Why do the nations rage?
Likely a rhetorical question for the psalmist but I want to let that question stand for a moment. I can clearly remember a time when I was at my grandma’s apartment probably in junior high or younger. A few of my relatives were gathered watching TV. As we flipped through channels we came across Much Music or MTV and there was a music video for some metal band like Slayer. It was heavy, hard music and the video was of a large group of people in a cage and they were raging within it; shaking, rocking the cage as the music played. I can remember my uncle saying something like, “See the rebellion of this generation.” What he did not do was ask why were they raging, against what or who were they raging? This is not a question to justify actions because there is little we can do well when gripped by anger but the question should give us pause and help us to think of the internal and external environment that nurtures anger.
John Steinbeck’s novel The Grapes of Wrath can be read at least in part as a meditation on the origins and complexities of anger. The story begins in
“The roads were crowded with men ravenous for work, murderous for work. And the companies, the banks worked at their own doom and they did not know it. The fields were fruitful, and starving men moved on the roads. . . . The great companies did not know that the line between hunger and anger is a thin line. And money that might have gone to wages went for gas, for guns, for agents and spies, for blacklists, for drilling. On the highways the people moved like ants and searched for work, for food. And the anger began to ferment.”
But anger is not the final word in Steinbeck’s vision. Like the in the psalms rage is not given infinite space to consume and destroy. Rage instead is released into the confines of liturgy. And within this space it is transformed. This is the sort of transformation that Tom Joad experiences in The Grapes of Wrath. The family’s and indeed the country’s situation spirals downward throughout the novel. Tensions and anger increase as work and pay decrease. The Joad family’s friend Casy, an old preacher, who travelled with them started to organize some workers to try and strike so that they can hold out for a liveable wage. Farm owners caught wind of this and begin to hunt those organizing strikes. One night Tom finds Casy who is trying lead a group of migrant workers in a strike.

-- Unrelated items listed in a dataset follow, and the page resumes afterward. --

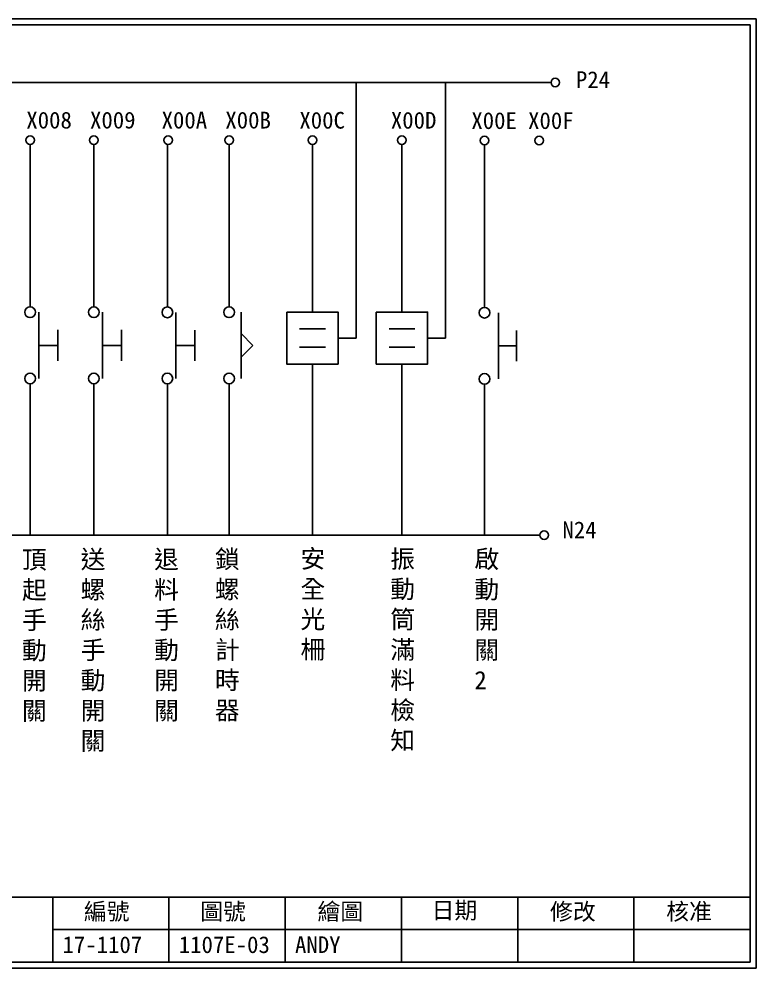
# Model space of a CAD drawing. Extents: x 10 to 297, y 3 to 207.
# Drawn here: x 138.5 to 297, y 3 to 207 of the extents above; entities that cross this region are included whole.
import ezdxf

# ---------------------------------------------------------------- set-up
doc = ezdxf.new("R2010")
doc.units = 0
doc.layers.get('0').update_dxf_attribs({"linetype": 'CONTINUOUS'})
doc.layers.add('圖框層', color=7, linetype='CONTINUOUS')
doc.layers.add('標尺寸層', color=3, linetype='CONTINUOUS')
doc.styles.add('CNS', font='romanc.shx', dxfattribs={"bigfont": 'chineset.shx'})
doc.styles.add('STSL', font='kaiu.ttf')

msp = doc.modelspace()

# ---------------------------------------------------------------- linework, layer by layer
at = {"color": 7}
for p, q in [((210.99, 138.38), (210.99, 193.29)), ((230.22, 138.38), (230.22, 193.29)), ((201.62, 143.96), (201.62, 179.98)), ((220.85, 143.96), (220.85, 179.98)), ((146.83, 136.82), (146.83, 140.13)), ((160.53, 136.82), (160.53, 140.13)), ((176.34, 136.8), (176.34, 140.11)), ((245.47, 136.73), (245.47, 140.04)), ((146.83, 136.82), (146.83, 133.51)), ((160.53, 136.82), (160.53, 133.51)), ((176.34, 136.8), (176.34, 133.49)), ((207.13, 138.38), (210.99, 138.38)), ((226.36, 138.38), (230.22, 138.38)), ((245.47, 136.73), (245.47, 133.42)), ((201.62, 132.8), (201.62, 96.02)), ((220.85, 132.8), (220.85, 96.02))]:
    msp.add_line(p, q, dxfattribs=at)
for points in [[(196.1, 143.96), (207.13, 143.96), (207.13, 132.8), (196.1, 132.8)], [(215.33, 143.96), (226.36, 143.96), (226.36, 132.8), (215.33, 132.8)]]:
    msp.add_lwpolyline(points, close=True, dxfattribs=at)
at = {"layer": '圖框層', "color": 7}
for p, q in [((297, 206.97), (10, 206.97)), ((297, 3), (297, 206.97)), ((295.75, 205.72), (11.25, 205.72)), ((295.75, 4.25), (295.75, 205.72)), ((11.25, 18.25), (295.75, 18.25)), ((145.75, 4.25), (145.75, 18.25)), ((170.75, 4.25), (170.75, 18.25)), ((195.75, 4.25), (195.75, 18.25)), ((220.75, 4.25), (220.75, 18.25)), ((245.75, 4.25), (245.75, 18.25)), ((270.75, 4.25), (270.75, 18.25)), ((145.75, 11.25), (295.75, 11.25)), ((11.25, 4.25), (295.75, 4.25)), ((10, 3), (297, 3))]:
    msp.add_line(p, q, dxfattribs=at)
at = {"layer": '標尺寸層', "color": 7}
for p, q in [((39.48, 193.32), (252.91, 193.32)), ((140.89, 180.01), (140.89, 145.09)), ((140.89, 180.01), (140.89, 145.09)), ((154.6, 180.01), (154.6, 145.09)), ((154.6, 180.01), (154.6, 145.09)), ((170.41, 179.99), (170.41, 145.07)), ((170.41, 179.99), (170.41, 145.07)), ((183.69, 180.01), (183.69, 145.09)), ((183.69, 180.01), (183.69, 145.09)), ((238.6, 179.91), (238.6, 144.99)), ((142.75, 129.71), (142.75, 143.94)), ((156.45, 129.71), (156.45, 143.94)), ((172.26, 129.69), (172.26, 143.92)), ((186.25, 129.71), (186.25, 143.94)), ((241.6, 143.84), (241.6, 129.61)), ((188.78, 136.82), (186.25, 139.35)), ((198.86, 140.41), (204.42, 140.41)), ((218.09, 140.41), (223.66, 140.41)), ((146.83, 136.82), (142.75, 136.82)), ((160.53, 136.82), (156.45, 136.82)), ((176.34, 136.8), (172.26, 136.8)), ((188.78, 136.82), (186.25, 134.3)), ((245.47, 136.73), (241.6, 136.73)), ((198.86, 136.44), (204.42, 136.44)), ((218.09, 136.44), (223.66, 136.44)), ((140.89, 128.56), (140.89, 96.05)), ((154.6, 128.56), (154.6, 96.05)), ((170.41, 128.54), (170.41, 96.03)), ((183.69, 128.56), (183.69, 96.05)), ((238.6, 128.46), (238.6, 95.96)), ((39.69, 96.05), (250.52, 96.05))]:
    msp.add_line(p, q, dxfattribs=at)
for centre, radius in [((253.83, 193.32), 0.92), ((140.89, 180.93), 0.92), ((154.6, 180.93), 0.92), ((170.6, 180.93), 0.92), ((183.69, 180.93), 0.92), ((201.62, 180.9), 0.92), ((220.85, 180.9), 0.92), ((238.6, 180.83), 0.92), ((250.36, 180.83), 0.92), ((140.89, 143.94), 1.15), ((154.6, 143.94), 1.15), ((170.41, 143.92), 1.15), ((183.69, 143.94), 1.15), ((238.6, 143.84), 1.15), ((140.89, 129.71), 1.15), ((154.6, 129.71), 1.15), ((170.41, 129.69), 1.15), ((183.69, 129.71), 1.15), ((238.6, 129.61), 1.15), ((251.44, 96.05), 0.92)]:
    msp.add_circle(centre, radius, dxfattribs=at)

# ---------------------------------------------------------------- texts
at = {"layer": '圖框層', "color": 7, "style": 'STSL'}
for s, p in [('P24', (258.26, 192.13)), ('X008', (140.08, 183.43)), ('X009', (153.78, 183.43)), ('X00A', (169.17, 183.43)), ('X00B', (182.88, 183.43)), ('X00C', (198.8, 183.4)), ('X00D', (218.47, 183.4)), ('X00E', (235.78, 183.33)), ('X00F', (247.98, 183.33)), ('N24', (255.37, 95.37)), ('編號', (152.47, 13.34)), ('圖號', (177.47, 13.34)), ('繪圖', (202.69, 13.34)), ('日期', (227.22, 13.59)), ('修改', (252.69, 13.34)), ('核准', (277.69, 13.34)), ('17-1107', (147.86, 6.22)), ('1107E-03', (172.86, 6.22)), ('ANDY', (197.86, 6.22))]:
    msp.add_text(s, height=3.6, dxfattribs=at).set_placement(p)
at = {"layer": '標尺寸層', "color": 7, "char_height": 3.9, "attachment_point": 1, "style": 'CNS'}
for s, insert, width in [('{\\fDFKai-SB|b0|i0|c136|p65;頂起\\P手動\\P開關}', (139.15, 92.74), 4.9608), ('{\\fDFKai-SB|b0|i0|c136|p65;送螺絲手動\\P開關}', (151.77, 92.79), 1.9086), ('{\\fDFKai-SB|b0|i0|c136|p65;退料手動\\P開關}', (167.57, 92.79), 0.6248), ('{\\fDFKai-SB|b0|i0|c136|p65;鎖螺絲計時器}', (180.64, 92.85), 2.4059), ('{\\fDFKai-SB|b0|i0|c136|p65;安全光柵}', (199.04, 92.92), 0.4674), ('{\\fDFKai-SB|b0|i0|c136|p65;振動筒滿料檢知}', (218.35, 92.88), 4.1294), ('{\\fDFKai-SB|b0|i0|c136|p65;啟動開關\\P2}', (236.44, 92.83), 1.8386)]:
    msp.add_mtext(s, dxfattribs=dict(at, insert=insert, width=width))

doc.saveas('drawing.dxf')

A group of men come and surround them and eventually kill Casy. Tom losses control of himself becomes enraged and kills one of those men in return. The pure reality of his anger that culminated in that moment lashed out in death against that man. In fear of the trouble that he would bring to his family Tom goes into hiding. His family is still able to bring him food but he no longer interacts with the outside world, the world structured in anger and violence. Tom’s hiding spot acts like a monk’s cell as he is forced into a type of reflective patience thinking about what is going on around him. As he says later to his mother, “you get thinkin’ a lot when you ain’t movin’ aourn.”
Towards the end of the book Tom’s mother brings him some food and she is invited into his small den. Tom begins to articulate to her a vision of how the people could restore their quality of life and work together again. Tom’s mother warns him that this will be dangerous and he might end up like Casy did. Tom does not claim to know all the details of what should unfold but knows that his life needs to be offered in the service of another order. The words and actions of the unorthodox preacher Casy and the circumstances of the world around him began to form a type of litany in the den where he stayed.
He knew that his life was now in the order of the people not of power. His anger was transformed into liturgy, a higher ordering. In the climax of the conversation Tom’s mother is concerned about him going off on his own. She asks how she will know whether he is okay or not, alive or dead. Tom laughs uneasily and says,
“Well, maybe its like Casy says, a fella ain’t got a soul of his own, but on’y a piece of a big on – an’ then – ” Then what, Tom’s mother asks. “Then it don’ matter. Then I’ll be aroun’ in the dark. I’ll be ever’where – wherever you look. Wherever they’s a fight so hungry people can eat, I’ll be there. Wherever they’s a cop beatin’ up a guy, I’ll be there. If Casy knowed, why, I’ll be the way guys yell when they’re mad an – I’ll be the way kids laugh when they’re hungry an’ they know supper’s ready. An’ when our folks eat the stuff they raise an’ live in the houses they build – why, I’ll be there.”
Tom’s anger was transformed so that his life now became a part of a new order. This is the vision of Psalm 2. There is an anointed one of God, a child of God, already enthroned in this new world. This Kingdom is achieved not through the immature or violent outburst of anger but through entering into communion with God and neighbour.
So why do the nations rage? We do we rage? Our anger can lead us to control and violence. Instead, in our anger we should not sin. Like Tom may we find ourselves drawn or even forced outside the world that fuels our anger so that in patience God would transform us to be love in the midst of those things we once hated. That we might be peace in the midst of all that rages. That the anointed one of God would be rule in our hearts and to the end of the earth.
1 comment:
Sorry for being such a pop culture nerd... but as I read this I was thinking of a Rage Against the Machine cover called "Ghost of Tom Joad."
(cuz y'know, Be Passive Aggressive at The Machine is not a good name for a band!)
In all seriousness, anger is still something a lot of us "nice" people don't like to deal with or talk about - especially those of us who want to be pacifists.
I really appreciate the idea of transfiguring it into something positive. And now I must re-read the Grapes Of Wrath because I barely remember it. And I think twenty years later it would sound a lot different!